Start of INFORMATION SHOWN
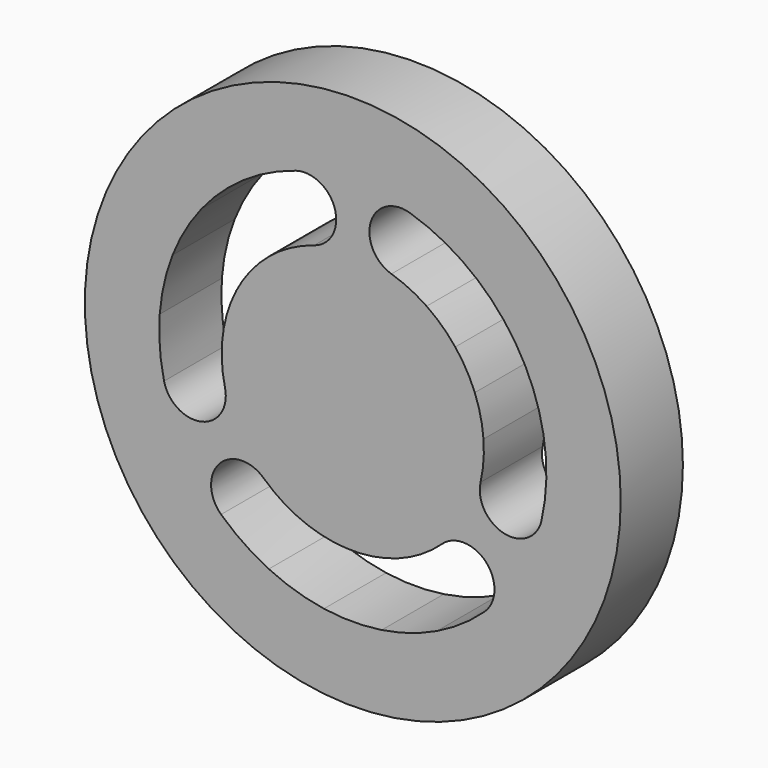
from build123d import *

# Parameters (mm, degrees)
F0_R     = 38.1
F1_DEPTH = 11.049
F3_DEPTH = 11.05


with BuildPart() as f1:
    # F0 (on Front) → F1 (new body)
    with BuildSketch(Plane.XZ):
        Circle(F0_R)
    extrude(amount=F1_DEPTH)

    # F2 (on face) → F3 (cut, through all)
    with BuildSketch(Plane.XZ.offset(11.049)):
        with BuildLine():
            ThreePointArc((-5.4934258743, 17.8092492746), (-3.2271754935, 19.4172396715), (-2.3586126245, 22.0567703964))
            ThreePointArc((-2.3586126245, 22.0567703964), (-4.1640818997, 25.6332075274), (-8.1137993748, 26.3042915181))
            ThreePointArc((-8.1137993748, 26.3042915181), (-10.0430162679, 25.1004998579), (-11.1244292478, 23.1001153577))
            ThreePointArc((-11.1244292478, 23.1001153577), (-9.253900361, 21.4598737334), (-8.5576944102, 19.0714499485))
            ThreePointArc((-8.5576944102, 19.0714499485), (-8.5888494373, 18.5460952541), (-8.681877787, 18.0281049871))
            ThreePointArc((-8.681877787, 18.0281049871), (-7.108001728, 17.6222047723), (-5.4934258743, 17.8092492746))
        make_face()
        with BuildLine():
            ThreePointArc((-11.1244292478, 23.1001153577), (-10.0430162679, 25.1004998579), (-8.1137993748, 26.3042915181))
            ThreePointArc((-8.1137993748, 26.3042915181), (-11.9436262917, 24.8011952044), (-15.5066523142, 22.7440811326))
            ThreePointArc((-15.5066523142, 22.7440811326), (-13.36264294, 23.5018519681), (-11.1244292478, 23.1001153577))
        make_face()
        with BuildLine():
            ThreePointArc((-10.498736832, 15.3988185422), (-8.0863997604, 16.7915820124), (-5.4934258743, 17.8092492746))
            ThreePointArc((-5.4934258743, 17.8092492746), (-7.108001728, 17.6222047723), (-8.681877787, 18.0281049871))
            ThreePointArc((-8.681877787, 18.0281049871), (-9.34582792, 16.5445244505), (-10.498736832, 15.3988185422))
        make_face()
        with BuildLine():
            ThreePointArc((-8.5576944102, 19.0714499485), (-9.253900361, 21.4598737334), (-11.1244292478, 23.1001153577))
            ThreePointArc((-11.1244292478, 23.1001153577), (-10.8084192424, 20.128157176), (-8.681877787, 18.0281049871))
            ThreePointArc((-8.681877787, 18.0281049871), (-8.5888494373, 18.5460952541), (-8.5576944102, 19.0714499485))
        make_face()
        with BuildLine():
            ThreePointArc((-8.681877787, 18.0281049871), (-10.8084192424, 20.128157176), (-11.1244292478, 23.1001153577))
            ThreePointArc((-11.1244292478, 23.1001153577), (-13.36264294, 23.5018519681), (-15.5066523142, 22.7440811326))
            ThreePointArc((-15.5066523142, 22.7440811326), (-16.9953355125, 21.0251239305), (-17.4390806002, 18.7948589632))
            ThreePointArc((-17.4390806002, 18.7948589632), (-14.7880141659, 17.4149152983), (-13.6100435462, 14.6681384642))
            ThreePointArc((-13.6100435462, 14.6681384642), (-11.986449243, 14.7441793583), (-10.498736832, 15.3988185422))
            ThreePointArc((-10.498736832, 15.3988185422), (-9.34582792, 16.5445244505), (-8.681877787, 18.0281049871))
        make_face()
        with BuildLine():
            ThreePointArc((-17.4390806002, 18.7948589632), (-16.9953355125, 21.0251239305), (-15.5066523142, 22.7440811326))
            ThreePointArc((-15.5066523142, 22.7440811326), (-18.7232851045, 20.178902038), (-21.5216706751, 17.1629596491))
            ThreePointArc((-21.5216706751, 17.1629596491), (-19.696270544, 18.5190225314), (-17.4390806002, 18.7948589632))
        make_face()
        with BuildLine():
            ThreePointArc((-14.571188844, 11.6201352503), (-12.6765494203, 13.6620709396), (-10.498736832, 15.3988185422))
            ThreePointArc((-10.498736832, 15.3988185422), (-11.986449243, 14.7441793583), (-13.6100435462, 14.6681384642))
            ThreePointArc((-13.6100435462, 14.6681384642), (-13.6035837106, 14.5299100198), (-13.6014297362, 14.391547479))
            ThreePointArc((-13.6014297362, 14.391547479), (-13.8508683455, 12.9234570127), (-14.571188844, 11.6201352503))
        make_face()
        with BuildLine():
            ThreePointArc((-13.6100435462, 14.6681384642), (-14.7880141659, 17.4149152983), (-17.4390806002, 18.7948589632))
            ThreePointArc((-17.4390806002, 18.7948589632), (-16.2611099805, 16.0480821291), (-13.6100435462, 14.6681384642))
        make_face()
        with BuildLine():
            ThreePointArc((-13.6100435462, 14.6681384642), (-16.2611099805, 16.0480821291), (-17.4390806002, 18.7948589632))
            ThreePointArc((-17.4390806002, 18.7948589632), (-19.696270544, 18.5190225314), (-21.5216706751, 17.1629596491))
            ThreePointArc((-21.5216706751, 17.1629596491), (-22.437544489, 15.0815737307), (-22.2041931112, 12.8195968699))
            ThreePointArc((-22.2041931112, 12.8195968699), (-19.2641605846, 12.2823757795), (-17.3288972096, 10.0048434687))
            ThreePointArc((-17.3288972096, 10.0048434687), (-15.7998480839, 10.5560689065), (-14.571188844, 11.6201352503))
            ThreePointArc((-14.571188844, 11.6201352503), (-13.8508683455, 12.9234570127), (-13.6014297362, 14.391547479))
            ThreePointArc((-13.6014297362, 14.391547479), (-13.6035837106, 14.5299100198), (-13.6100435462, 14.6681384642))
        make_face()
        with BuildLine():
            ThreePointArc((-22.2041931112, 12.8195968699), (-22.437544489, 15.0815737307), (-21.5216706751, 17.1629596491))
            ThreePointArc((-21.5216706751, 17.1629596491), (-23.8392977721, 13.7636250419), (-25.6243943624, 10.0568338021))
            ThreePointArc((-25.6243943624, 10.0568338021), (-24.2797981866, 11.8906966911), (-22.2041931112, 12.8195968699))
        make_face()
        with BuildLine():
            ThreePointArc((-17.3489268741, 6.8089517461), (-16.1403320456, 9.3186248461), (-14.571188844, 11.6201352503))
            ThreePointArc((-14.571188844, 11.6201352503), (-15.7998480839, 10.5560689065), (-17.3288972096, 10.0048434687))
            ThreePointArc((-17.3288972096, 10.0048434687), (-17.114059345, 9.2318818452), (-17.0416605846, 8.4328928597))
            ThreePointArc((-17.0416605846, 8.4328928597), (-17.1191526371, 7.6065156285), (-17.3489268741, 6.8089517461))
        make_face()
        with BuildLine():
            ThreePointArc((-17.3288972096, 10.0048434687), (-19.2641605846, 12.2823757795), (-22.2041931112, 12.8195968699))
            ThreePointArc((-22.2041931112, 12.8195968699), (-20.2689297362, 10.5420645591), (-17.3288972096, 10.0048434687))
        make_face()
        with BuildLine():
            ThreePointArc((-17.3288972096, 10.0048434687), (-20.2689297362, 10.5420645591), (-22.2041931112, 12.8195968699))
            ThreePointArc((-22.2041931112, 12.8195968699), (-24.2797981866, 11.8906966911), (-25.6243943624, 10.0568338021))
            ThreePointArc((-25.6243943624, 10.0568338021), (-25.8860792444, 7.7979594331), (-24.9963656228, 5.7052573369))
            ThreePointArc((-24.9963656228, 5.7052573369), (-22.028601796, 6.0584932723), (-19.5080023094, 4.4525742255))
            ThreePointArc((-19.5080023094, 4.4525742255), (-18.209361165, 5.4300053303), (-17.3489268741, 6.8089517461))
            ThreePointArc((-17.3489268741, 6.8089517461), (-17.1191526371, 7.6065156285), (-17.0416605846, 8.4328928597))
            ThreePointArc((-17.0416605846, 8.4328928597), (-17.114059345, 9.2318818452), (-17.3288972096, 10.0048434687))
        make_face()
        with BuildLine():
            ThreePointArc((-24.9963656228, 5.7052573369), (-25.8860792444, 7.7979594331), (-25.6243943624, 10.0568338021))
            ThreePointArc((-25.6243943624, 10.0568338021), (-26.8370843559, 6.1253894436), (-27.4502782232, 2.0571140049))
            ThreePointArc((-27.4502782232, 2.0571140049), (-26.7059592707, 4.205830226), (-24.9963656228, 5.7052573369))
        make_face()
        with BuildLine():
            ThreePointArc((-18.5851364875, 1.3927631904), (-18.1699752899, 4.1471780197), (-17.3489268741, 6.8089517461))
            ThreePointArc((-17.3489268741, 6.8089517461), (-18.209361165, 5.4300053303), (-19.5080023094, 4.4525742255))
            ThreePointArc((-19.5080023094, 4.4525742255), (-18.81302758, 3.1667060392), (-18.5727073475, 1.7249387027))
            ThreePointArc((-18.5727073475, 1.7249387027), (-18.5758157193, 1.5587347207), (-18.5851364875, 1.3927631904))
        make_face()
        with BuildLine():
            ThreePointArc((-19.5080023094, 4.4525742255), (-22.028601796, 6.0584932723), (-24.9963656228, 5.7052573369))
            ThreePointArc((-24.9963656228, 5.7052573369), (-22.4757661361, 4.09933829), (-19.5080023094, 4.4525742255))
        make_face()
        with BuildLine():
            ThreePointArc((-19.5080023094, 4.4525742255), (-22.4757661361, 4.09933829), (-24.9963656228, 5.7052573369))
            ThreePointArc((-24.9963656228, 5.7052573369), (-26.7059592707, 4.205830226), (-27.4502782232, 2.0571140049))
            ThreePointArc((-27.4502782232, 2.0571140049), (-27.0345222544, -0.1785378544), (-25.567501354, -1.9160193477))
            ThreePointArc((-25.567501354, -1.9160193477), (-22.835705067, -0.7037129493), (-19.9537357944, -1.4953257775))
            ThreePointArc((-19.9537357944, -1.4953257775), (-19.0008925012, -0.1785379824), (-18.5851364875, 1.3927631904))
            ThreePointArc((-18.5851364875, 1.3927631904), (-18.5758157193, 1.5587347207), (-18.5727073475, 1.7249387027))
            ThreePointArc((-18.5727073475, 1.7249387027), (-18.81302758, 3.1667060392), (-19.5080023094, 4.4525742255))
        make_face()
        with BuildLine():
            ThreePointArc((-25.567501354, -1.9160193477), (-27.0345222544, -0.1785378544), (-27.4502782232, 2.0571140049))
            ThreePointArc((-27.4502782232, 2.0571140049), (-27.4502782273, -2.0571139506), (-26.8370843706, -6.1253893792))
            ThreePointArc((-26.8370843706, -6.1253893792), (-26.7591786586, -3.8527427103), (-25.567501354, -1.9160193477))
        make_face()
        with BuildLine():
            ThreePointArc((-18.1699752313, -4.1471782764), (-18.5851364598, -1.3927635598), (-18.5851364875, 1.3927631904))
            ThreePointArc((-18.5851364875, 1.3927631904), (-19.0008925012, -0.1785379824), (-19.9537357944, -1.4953257775))
            ThreePointArc((-19.9537357944, -1.4953257775), (-18.8152778676, -2.6553923195), (-18.1699752313, -4.1471782764))
        make_face()
        with BuildLine():
            ThreePointArc((-19.9537357944, -1.4953257775), (-22.835705067, -0.7037129493), (-25.567501354, -1.9160193477))
            ThreePointArc((-25.567501354, -1.9160193477), (-22.6855320815, -2.7076321758), (-19.9537357944, -1.4953257775))
        make_face()
        with BuildLine():
            ThreePointArc((-19.9537357944, -1.4953257775), (-22.6855320815, -2.7076321758), (-25.567501354, -1.9160193477))
            ThreePointArc((-25.567501354, -1.9160193477), (-26.7591786586, -3.8527427103), (-26.8370843706, -6.1253893792))
            ThreePointArc((-26.8370843706, -6.1253893792), (-22.0058477047, -9.5533346008), (-18.058529801, -5.1362838278))
            ThreePointArc((-18.058529801, -5.1362838278), (-18.086479028, -4.6386017315), (-18.1699752313, -4.1471782764))
            ThreePointArc((-18.1699752313, -4.1471782764), (-18.8152778676, -2.6553923195), (-19.9537357944, -1.4953257775))
        make_face()
        with BuildLine():
            ThreePointArc((-11.2718580074, -16.5327792097), (-11.7072761395, -14.9668124528), (-12.676549357, -13.6620709983))
            ThreePointArc((-12.676549357, -13.6620709983), (-18.9583327467, -13.8971187492), (-18.7232849958, -20.1789021388))
            ThreePointArc((-18.7232849958, -20.1789021388), (-16.7161623907, -21.2477571476), (-14.4430721062, -21.18409601))
            ThreePointArc((-14.4430721062, -21.18409601), (-13.6876442891, -18.292430993), (-11.2718580074, -16.5327792097))
        make_face()
        with BuildLine():
            ThreePointArc((-8.0863997947, -16.7915819959), (-10.4987367878, -15.3988185723), (-12.676549357, -13.6620709983))
            ThreePointArc((-12.676549357, -13.6620709983), (-11.7072761395, -14.9668124528), (-11.2718580074, -16.5327792097))
            ThreePointArc((-11.2718580074, -16.5327792097), (-9.6550645989, -16.3659866159), (-8.0863997947, -16.7915819959))
        make_face()
        with BuildLine():
            ThreePointArc((-14.4430721062, -21.18409601), (-16.7161623907, -21.2477571476), (-18.7232849958, -20.1789021388))
            ThreePointArc((-18.7232849958, -20.1789021388), (-15.5066520681, -22.7440813004), (-11.9436261572, -24.8011952692))
            ThreePointArc((-11.9436261572, -24.8011952692), (-13.6718794549, -23.3233141096), (-14.4430721062, -21.18409601))
        make_face()
        with BuildLine():
            ThreePointArc((-8.0863997947, -16.7915819959), (-9.6550645989, -16.3659866159), (-11.2718580074, -16.5327792097))
            ThreePointArc((-11.2718580074, -16.5327792097), (-11.2591544038, -16.7264479204), (-11.2549171764, -16.9204865685))
            ThreePointArc((-11.2549171764, -16.9204865685), (-12.1400926486, -19.5823795663), (-14.4430721062, -21.18409601))
            ThreePointArc((-14.4430721062, -21.18409601), (-13.6718794549, -23.3233141096), (-11.9436261572, -24.8011952692))
            ThreePointArc((-11.9436261572, -24.8011952692), (-9.7106238335, -25.2309542751), (-7.5572850225, -24.5001163))
            ThreePointArc((-7.5572850225, -24.5001163), (-7.6877519702, -21.5142535884), (-5.8979587632, -19.1207126897))
            ThreePointArc((-5.8979587632, -19.1207126897), (-6.7756093234, -17.7526591581), (-8.0863997947, -16.7915819959))
        make_face()
        with BuildLine():
            ThreePointArc((-11.2549171764, -16.9204865685), (-11.2591544038, -16.7264479204), (-11.2718580074, -16.5327792097))
            ThreePointArc((-11.2718580074, -16.5327792097), (-13.6876442891, -18.292430993), (-14.4430721062, -21.18409601))
            ThreePointArc((-14.4430721062, -21.18409601), (-12.1400926486, -19.5823795663), (-11.2549171764, -16.9204865685))
        make_face()
        with BuildLine():
            ThreePointArc((-2.777738202, -18.4290872819), (-5.4934260251, -17.8092492281), (-8.0863997947, -16.7915819959))
            ThreePointArc((-8.0863997947, -16.7915819959), (-6.7756093234, -17.7526591581), (-5.8979587632, -19.1207126897))
            ThreePointArc((-5.8979587632, -19.1207126897), (-4.4021579991, -18.4847720153), (-2.777738202, -18.4290872819))
        make_face()
        with BuildLine():
            ThreePointArc((-7.5572850225, -24.5001163), (-9.7106238335, -25.2309542751), (-11.9436261572, -24.8011952692))
            ThreePointArc((-11.9436261572, -24.8011952692), (-8.1137993206, -26.3042915348), (-4.10272361, -27.219793378))
            ThreePointArc((-4.10272361, -27.219793378), (-6.1898086487, -26.3169819519), (-7.5572850225, -24.5001163))
        make_face()
        with BuildLine():
            ThreePointArc((-2.777738202, -18.4290872819), (-4.4021579991, -18.4847720153), (-5.8979587632, -19.1207126897))
            ThreePointArc((-5.8979587632, -19.1207126897), (-5.6527697755, -19.9426559072), (-5.5700129372, -20.7963886511))
            ThreePointArc((-5.5700129372, -20.7963886511), (-6.0982141435, -22.8979861886), (-7.5572850225, -24.5001163))
            ThreePointArc((-7.5572850225, -24.5001163), (-6.1898086487, -26.3169819519), (-4.10272361, -27.219793378))
            ThreePointArc((-4.10272361, -27.219793378), (-1.8422536822, -26.9722703708), (0, -25.6391937398))
            ThreePointArc((0, -25.6391937398), (-1.0047691516, -22.8244403386), (0, -20.0096869375))
            ThreePointArc((0, -20.0096869375), (-1.2418999278, -18.9611041944), (-2.777738202, -18.4290872819))
        make_face()
        with BuildLine():
            ThreePointArc((-5.5700129372, -20.7963886511), (-5.6527697755, -19.9426559072), (-5.8979587632, -19.1207126897))
            ThreePointArc((-5.8979587632, -19.1207126897), (-7.6877519702, -21.5142535884), (-7.5572850225, -24.5001163))
            ThreePointArc((-7.5572850225, -24.5001163), (-6.0982141435, -22.8979861886), (-5.5700129372, -20.7963886511))
        make_face()
        with BuildLine():
            ThreePointArc((2.7777382002, -18.4290872822), (-9e-10, -18.63725), (-2.777738202, -18.4290872819))
            ThreePointArc((-2.777738202, -18.4290872819), (-1.2418999278, -18.9611041944), (0, -20.0096869375))
            ThreePointArc((0, -20.0096869375), (1.241899927, -18.9611041949), (2.7777382002, -18.4290872822))
        make_face()
        with BuildLine():
            ThreePointArc((0, -25.6391937398), (-1.8422536822, -26.9722703708), (-4.10272361, -27.219793378))
            ThreePointArc((-4.10272361, -27.219793378), (3e-10, -27.52725), (4.1027236105, -27.219793378))
            ThreePointArc((4.1027236105, -27.219793378), (1.8422536824, -26.9722703709), (0, -25.6391937398))
        make_face()
        with BuildLine():
            ThreePointArc((2.7777382002, -18.4290872822), (1.241899927, -18.9611041949), (0, -20.0096869375))
            ThreePointArc((0, -20.0096869375), (0.7460473985, -21.3300844776), (1.0047691516, -22.8244403386))
            ThreePointArc((1.0047691516, -22.8244403386), (0.7460473985, -24.3187961996), (0, -25.6391937398))
            ThreePointArc((0, -25.6391937398), (1.8422536824, -26.9722703709), (4.1027236105, -27.219793378))
            ThreePointArc((4.1027236105, -27.219793378), (6.1898086489, -26.3169819518), (7.5572850225, -24.5001163))
            ThreePointArc((7.5572850225, -24.5001163), (5.7674918155, -22.1065754014), (5.8979587632, -19.1207126897))
            ThreePointArc((5.8979587632, -19.1207126897), (4.4021579983, -18.4847720151), (2.7777382002, -18.4290872822))
        make_face()
        with BuildLine():
            ThreePointArc((1.0047691516, -22.8244403386), (0.7460473985, -21.3300844776), (0, -20.0096869375))
            ThreePointArc((0, -20.0096869375), (-1.0047691516, -22.8244403386), (0, -25.6391937398))
            ThreePointArc((0, -25.6391937398), (0.7460473985, -24.3187961996), (1.0047691516, -22.8244403386))
        make_face()
        with BuildLine():
            ThreePointArc((8.0863994561, -16.7915821589), (5.4934258447, -17.8092492838), (2.7777382002, -18.4290872822))
            ThreePointArc((2.7777382002, -18.4290872822), (4.4021579983, -18.4847720151), (5.8979587632, -19.1207126897))
            ThreePointArc((5.8979587632, -19.1207126897), (6.7756091948, -17.752659295), (8.0863994561, -16.7915821589))
        make_face()
        with BuildLine():
            ThreePointArc((7.5572850225, -24.5001163), (6.1898086489, -26.3169819518), (4.1027236105, -27.219793378))
            ThreePointArc((4.1027236105, -27.219793378), (8.1137992679, -26.3042915511), (11.9436260573, -24.8011953173))
            ThreePointArc((11.9436260573, -24.8011953173), (9.7106237782, -25.2309542713), (7.5572850225, -24.5001163))
        make_face()
        with BuildLine():
            ThreePointArc((8.0863994561, -16.7915821589), (6.7756091948, -17.752659295), (5.8979587632, -19.1207126897))
            ThreePointArc((5.8979587632, -19.1207126897), (7.3570296422, -20.7228428012), (7.8852308484, -22.8244403386))
            ThreePointArc((7.8852308484, -22.8244403386), (7.8024740102, -23.6781730826), (7.5572850225, -24.5001163))
            ThreePointArc((7.5572850225, -24.5001163), (9.7106237782, -25.2309542713), (11.9436260573, -24.8011953173))
            ThreePointArc((11.9436260573, -24.8011953173), (13.6718794233, -23.3233141552), (14.4430721062, -21.18409601))
            ThreePointArc((14.4430721062, -21.18409601), (12.0272858246, -19.4244442266), (11.2718580074, -16.5327792097))
            ThreePointArc((11.2718580074, -16.5327792097), (9.6550644116, -16.3659866311), (8.0863994561, -16.7915821589))
        make_face()
        with BuildLine():
            ThreePointArc((7.8852308484, -22.8244403386), (7.3570296422, -20.7228428012), (5.8979587632, -19.1207126897))
            ThreePointArc((5.8979587632, -19.1207126897), (5.7674918155, -22.1065754014), (7.5572850225, -24.5001163))
            ThreePointArc((7.5572850225, -24.5001163), (7.8024740102, -23.6781730826), (7.8852308484, -22.8244403386))
        make_face()
        with BuildLine():
            ThreePointArc((12.676549357, -13.6620709983), (10.4987366326, -15.3988186781), (8.0863994561, -16.7915821589))
            ThreePointArc((8.0863994561, -16.7915821589), (9.6550644116, -16.3659866311), (11.2718580074, -16.5327792097))
            ThreePointArc((11.2718580074, -16.5327792097), (11.7072761395, -14.9668124528), (12.676549357, -13.6620709983))
        make_face()
        with BuildLine():
            ThreePointArc((14.4430721062, -21.18409601), (13.6718794233, -23.3233141552), (11.9436260573, -24.8011953173))
            ThreePointArc((11.9436260573, -24.8011953173), (15.5066520223, -22.7440813317), (18.7232849958, -20.1789021388))
            ThreePointArc((18.7232849958, -20.1789021388), (16.7161623907, -21.2477571476), (14.4430721062, -21.18409601))
        make_face()
        with BuildLine():
            ThreePointArc((12.676549357, -13.6620709983), (11.7072761395, -14.9668124528), (11.2718580074, -16.5327792097))
            ThreePointArc((11.2718580074, -16.5327792097), (13.574837465, -18.1344956534), (14.4600129372, -20.7963886511))
            ThreePointArc((14.4600129372, -20.7963886511), (14.4557757099, -20.9904272993), (14.4430721062, -21.18409601))
            ThreePointArc((14.4430721062, -21.18409601), (16.7161623907, -21.2477571476), (18.7232849958, -20.1789021388))
            ThreePointArc((18.7232849958, -20.1789021388), (19.7740364038, -18.6980066166), (20.1449171764, -16.9204865685))
            ThreePointArc((20.1449171764, -16.9204865685), (17.4774372245, -12.8463673412), (12.676549357, -13.6620709983))
        make_face()
        with BuildLine():
            ThreePointArc((14.4600129372, -20.7963886511), (13.574837465, -18.1344956534), (11.2718580074, -16.5327792097))
            ThreePointArc((11.2718580074, -16.5327792097), (12.0272858246, -19.4244442266), (14.4430721062, -21.18409601))
            ThreePointArc((14.4430721062, -21.18409601), (14.4557757099, -20.9904272993), (14.4600129372, -20.7963886511))
        make_face()
        with BuildLine():
            ThreePointArc((19.9537357944, -1.4953257775), (18.8152778676, -2.6553923195), (18.1699752313, -4.1471782764))
            ThreePointArc((18.1699752313, -4.1471782764), (21.5144242495, -9.4698383975), (26.8370843706, -6.1253893792))
            ThreePointArc((26.8370843706, -6.1253893792), (26.9205805739, -5.6339659241), (26.948529801, -5.1362838278))
            ThreePointArc((26.948529801, -5.1362838278), (26.5887090231, -3.3843318526), (25.567501354, -1.9160193477))
            ThreePointArc((25.567501354, -1.9160193477), (22.6855320815, -2.7076321758), (19.9537357944, -1.4953257775))
        make_face()
        with BuildLine():
            ThreePointArc((18.5851364872, 1.3927631935), (18.5851364599, -1.3927635583), (18.1699752313, -4.1471782764))
            ThreePointArc((18.1699752313, -4.1471782764), (18.8152778676, -2.6553923195), (19.9537357944, -1.4953257775))
            ThreePointArc((19.9537357944, -1.4953257775), (19.0008925005, -0.178537981), (18.5851364872, 1.3927631935))
        make_face()
        with BuildLine():
            ThreePointArc((26.948529801, -5.1362838278), (26.9205805739, -5.6339659241), (26.8370843706, -6.1253893792))
            ThreePointArc((26.8370843706, -6.1253893792), (27.4502782184, -2.0571140698), (27.4502782411, 2.0571137665))
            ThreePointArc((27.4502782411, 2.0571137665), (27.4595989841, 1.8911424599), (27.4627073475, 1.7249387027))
End of INFORMATION SHOWN
PROMPT:
Note down each line above where the word "Plane" occurs.

RESPONSE AREA:
    with BuildSketch(Plane.XZ):
    with BuildSketch(Plane.XZ.offset(11.049)):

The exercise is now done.